My coax run from the mast mounted amp to the power supply is uninterrupted.
Can I remove this assumed cell interference by running the coax through a grounding block sinked to the mast at the base?

I have read that in Europe there are filters that can cut out cell signals to digital tv especially with amplifiers because the cell signal gets amplified also.

Please don't holler at me for not grounding the shield in the first place because I had a C band dish in the old days and constantly battled corroded connections and tried to avoid that with a straight run from the antenna into the house.
Thanks in advance,
Lex


----------



## jbailey895

Hey guys:
I have a two story house approx 25 ft above ground, and my CM4228 and a hi VHF Yagi are mounted on an 8 ft galvanized mast, which sticks up above the roofline at least 4 ft. Mast is mounted to a stucco dormer on the roof, and is not currently grounded.

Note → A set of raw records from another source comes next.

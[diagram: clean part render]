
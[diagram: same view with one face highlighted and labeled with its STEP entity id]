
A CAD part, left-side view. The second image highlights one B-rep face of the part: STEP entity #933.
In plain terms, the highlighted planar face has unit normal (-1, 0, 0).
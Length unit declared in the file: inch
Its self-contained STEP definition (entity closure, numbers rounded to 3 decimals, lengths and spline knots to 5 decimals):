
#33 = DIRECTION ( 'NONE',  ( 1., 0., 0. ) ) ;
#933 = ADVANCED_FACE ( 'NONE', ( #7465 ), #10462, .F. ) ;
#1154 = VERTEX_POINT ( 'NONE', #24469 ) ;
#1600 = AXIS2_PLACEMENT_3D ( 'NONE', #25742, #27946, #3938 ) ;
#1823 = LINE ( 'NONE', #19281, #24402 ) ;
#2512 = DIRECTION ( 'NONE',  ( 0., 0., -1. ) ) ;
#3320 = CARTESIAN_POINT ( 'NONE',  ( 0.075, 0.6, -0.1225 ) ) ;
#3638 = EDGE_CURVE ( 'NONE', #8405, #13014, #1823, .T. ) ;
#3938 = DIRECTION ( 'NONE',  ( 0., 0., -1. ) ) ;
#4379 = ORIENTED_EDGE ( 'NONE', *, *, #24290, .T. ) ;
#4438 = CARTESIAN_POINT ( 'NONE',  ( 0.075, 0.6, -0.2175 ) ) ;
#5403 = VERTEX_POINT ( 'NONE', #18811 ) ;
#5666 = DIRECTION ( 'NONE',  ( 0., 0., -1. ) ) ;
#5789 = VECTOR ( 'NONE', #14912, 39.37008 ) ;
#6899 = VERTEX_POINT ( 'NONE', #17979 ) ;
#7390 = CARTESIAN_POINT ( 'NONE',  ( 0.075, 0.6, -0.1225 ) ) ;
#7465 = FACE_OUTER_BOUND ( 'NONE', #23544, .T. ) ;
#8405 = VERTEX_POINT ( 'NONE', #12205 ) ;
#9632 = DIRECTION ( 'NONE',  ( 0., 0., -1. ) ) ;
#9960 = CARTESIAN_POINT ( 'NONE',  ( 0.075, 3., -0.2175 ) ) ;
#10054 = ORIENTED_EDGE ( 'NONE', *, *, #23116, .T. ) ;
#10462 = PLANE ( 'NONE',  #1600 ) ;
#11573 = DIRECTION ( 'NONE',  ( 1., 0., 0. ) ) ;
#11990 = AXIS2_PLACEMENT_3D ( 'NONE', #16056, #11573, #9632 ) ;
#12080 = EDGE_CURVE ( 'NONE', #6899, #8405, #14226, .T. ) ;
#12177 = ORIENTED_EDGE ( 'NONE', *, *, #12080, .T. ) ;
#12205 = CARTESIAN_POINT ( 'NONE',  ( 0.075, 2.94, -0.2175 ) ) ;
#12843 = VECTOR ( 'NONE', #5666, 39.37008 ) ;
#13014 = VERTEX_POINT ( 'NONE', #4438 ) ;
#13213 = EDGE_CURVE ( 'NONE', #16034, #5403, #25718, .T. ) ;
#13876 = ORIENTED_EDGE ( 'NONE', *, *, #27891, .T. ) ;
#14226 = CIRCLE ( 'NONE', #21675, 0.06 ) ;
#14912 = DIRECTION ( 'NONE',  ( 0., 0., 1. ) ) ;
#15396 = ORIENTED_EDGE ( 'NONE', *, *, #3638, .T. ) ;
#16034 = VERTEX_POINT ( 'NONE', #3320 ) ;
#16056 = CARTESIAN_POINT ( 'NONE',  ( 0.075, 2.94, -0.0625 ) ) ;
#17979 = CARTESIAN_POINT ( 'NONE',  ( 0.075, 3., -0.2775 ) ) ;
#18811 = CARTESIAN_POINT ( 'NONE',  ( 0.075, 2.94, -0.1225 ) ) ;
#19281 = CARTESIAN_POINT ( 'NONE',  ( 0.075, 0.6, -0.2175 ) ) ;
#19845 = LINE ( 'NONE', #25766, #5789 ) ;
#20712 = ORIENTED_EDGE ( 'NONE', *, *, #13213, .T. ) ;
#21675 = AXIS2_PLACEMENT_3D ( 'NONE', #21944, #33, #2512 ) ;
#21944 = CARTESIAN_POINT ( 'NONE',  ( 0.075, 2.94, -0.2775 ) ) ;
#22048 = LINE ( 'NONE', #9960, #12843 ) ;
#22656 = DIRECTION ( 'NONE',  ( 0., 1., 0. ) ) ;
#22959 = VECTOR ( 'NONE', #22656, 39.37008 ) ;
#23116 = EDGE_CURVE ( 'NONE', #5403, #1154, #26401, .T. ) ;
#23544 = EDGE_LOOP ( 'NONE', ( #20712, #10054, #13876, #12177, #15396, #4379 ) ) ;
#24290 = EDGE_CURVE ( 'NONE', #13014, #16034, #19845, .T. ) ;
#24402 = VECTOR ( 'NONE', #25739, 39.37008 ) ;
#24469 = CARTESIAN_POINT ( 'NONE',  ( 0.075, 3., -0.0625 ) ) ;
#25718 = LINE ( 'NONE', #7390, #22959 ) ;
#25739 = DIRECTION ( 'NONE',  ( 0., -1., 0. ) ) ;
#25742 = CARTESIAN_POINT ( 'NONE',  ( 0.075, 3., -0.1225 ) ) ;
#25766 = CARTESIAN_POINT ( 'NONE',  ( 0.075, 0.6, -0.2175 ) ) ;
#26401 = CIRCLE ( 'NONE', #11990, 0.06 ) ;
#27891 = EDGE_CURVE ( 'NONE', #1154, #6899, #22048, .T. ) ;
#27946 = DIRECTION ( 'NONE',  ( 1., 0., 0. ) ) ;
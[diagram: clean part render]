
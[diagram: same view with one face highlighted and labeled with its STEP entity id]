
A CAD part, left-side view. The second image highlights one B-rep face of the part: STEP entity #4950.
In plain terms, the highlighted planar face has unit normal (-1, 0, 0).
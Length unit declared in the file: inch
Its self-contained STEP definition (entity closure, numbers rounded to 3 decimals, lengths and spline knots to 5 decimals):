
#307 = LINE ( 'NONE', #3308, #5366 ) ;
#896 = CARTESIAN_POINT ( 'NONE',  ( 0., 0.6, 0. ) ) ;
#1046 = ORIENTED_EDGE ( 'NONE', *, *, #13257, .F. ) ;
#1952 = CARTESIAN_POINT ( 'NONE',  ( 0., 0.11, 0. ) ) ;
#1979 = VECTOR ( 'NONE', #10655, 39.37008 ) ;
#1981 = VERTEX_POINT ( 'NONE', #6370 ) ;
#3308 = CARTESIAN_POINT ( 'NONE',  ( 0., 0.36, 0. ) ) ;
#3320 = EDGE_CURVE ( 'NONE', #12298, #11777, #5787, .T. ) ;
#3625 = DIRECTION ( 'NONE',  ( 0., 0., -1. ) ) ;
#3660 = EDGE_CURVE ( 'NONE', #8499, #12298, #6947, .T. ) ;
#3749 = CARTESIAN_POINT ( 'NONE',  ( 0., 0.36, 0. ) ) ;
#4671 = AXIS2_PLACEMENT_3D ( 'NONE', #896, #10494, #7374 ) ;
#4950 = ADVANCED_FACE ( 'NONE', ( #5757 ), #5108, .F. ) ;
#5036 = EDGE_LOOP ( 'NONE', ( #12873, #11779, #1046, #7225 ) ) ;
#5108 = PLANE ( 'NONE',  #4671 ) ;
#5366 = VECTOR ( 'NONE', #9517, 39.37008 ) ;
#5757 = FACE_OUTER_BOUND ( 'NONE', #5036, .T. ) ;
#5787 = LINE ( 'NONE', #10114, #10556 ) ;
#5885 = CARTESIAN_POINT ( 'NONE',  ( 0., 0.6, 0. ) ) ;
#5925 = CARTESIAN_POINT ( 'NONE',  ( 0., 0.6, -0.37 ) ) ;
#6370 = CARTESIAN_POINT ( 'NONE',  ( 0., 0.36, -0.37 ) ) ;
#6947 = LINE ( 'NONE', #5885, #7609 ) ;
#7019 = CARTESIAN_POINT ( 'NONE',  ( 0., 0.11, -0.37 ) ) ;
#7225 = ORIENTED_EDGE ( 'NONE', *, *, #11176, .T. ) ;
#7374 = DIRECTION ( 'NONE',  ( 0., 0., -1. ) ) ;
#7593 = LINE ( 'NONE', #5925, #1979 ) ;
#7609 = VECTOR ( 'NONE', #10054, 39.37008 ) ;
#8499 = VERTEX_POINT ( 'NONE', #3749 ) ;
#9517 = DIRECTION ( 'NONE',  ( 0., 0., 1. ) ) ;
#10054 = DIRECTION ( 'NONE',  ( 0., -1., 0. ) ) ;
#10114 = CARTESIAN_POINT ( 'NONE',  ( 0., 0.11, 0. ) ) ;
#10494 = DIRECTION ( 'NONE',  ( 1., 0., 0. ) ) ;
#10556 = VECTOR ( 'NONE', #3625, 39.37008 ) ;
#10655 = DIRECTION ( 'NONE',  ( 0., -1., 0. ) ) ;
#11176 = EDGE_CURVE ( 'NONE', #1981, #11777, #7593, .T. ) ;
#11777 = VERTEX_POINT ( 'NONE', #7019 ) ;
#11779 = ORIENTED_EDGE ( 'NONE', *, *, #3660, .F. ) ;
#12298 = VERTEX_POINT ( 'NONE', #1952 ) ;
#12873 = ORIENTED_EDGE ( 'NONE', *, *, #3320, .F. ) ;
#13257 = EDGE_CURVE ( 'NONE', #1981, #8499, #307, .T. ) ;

Had a fairly strong, windy storm last night (So Cal) and was concerned re the "lightning rod" on top of my house. I've read through this grounding thread, and have a couple Q's:

1. The coax enters my house on the opposite side of my breaker panel and presumably what I believe to be a grounding block from my cable co. (see pic below). The coax signal line enters the house in an area where there is a bunch of concrete, and no good area to ground. Any suggestions on where or how to ground, where my area is either stucco wall or hard concrete?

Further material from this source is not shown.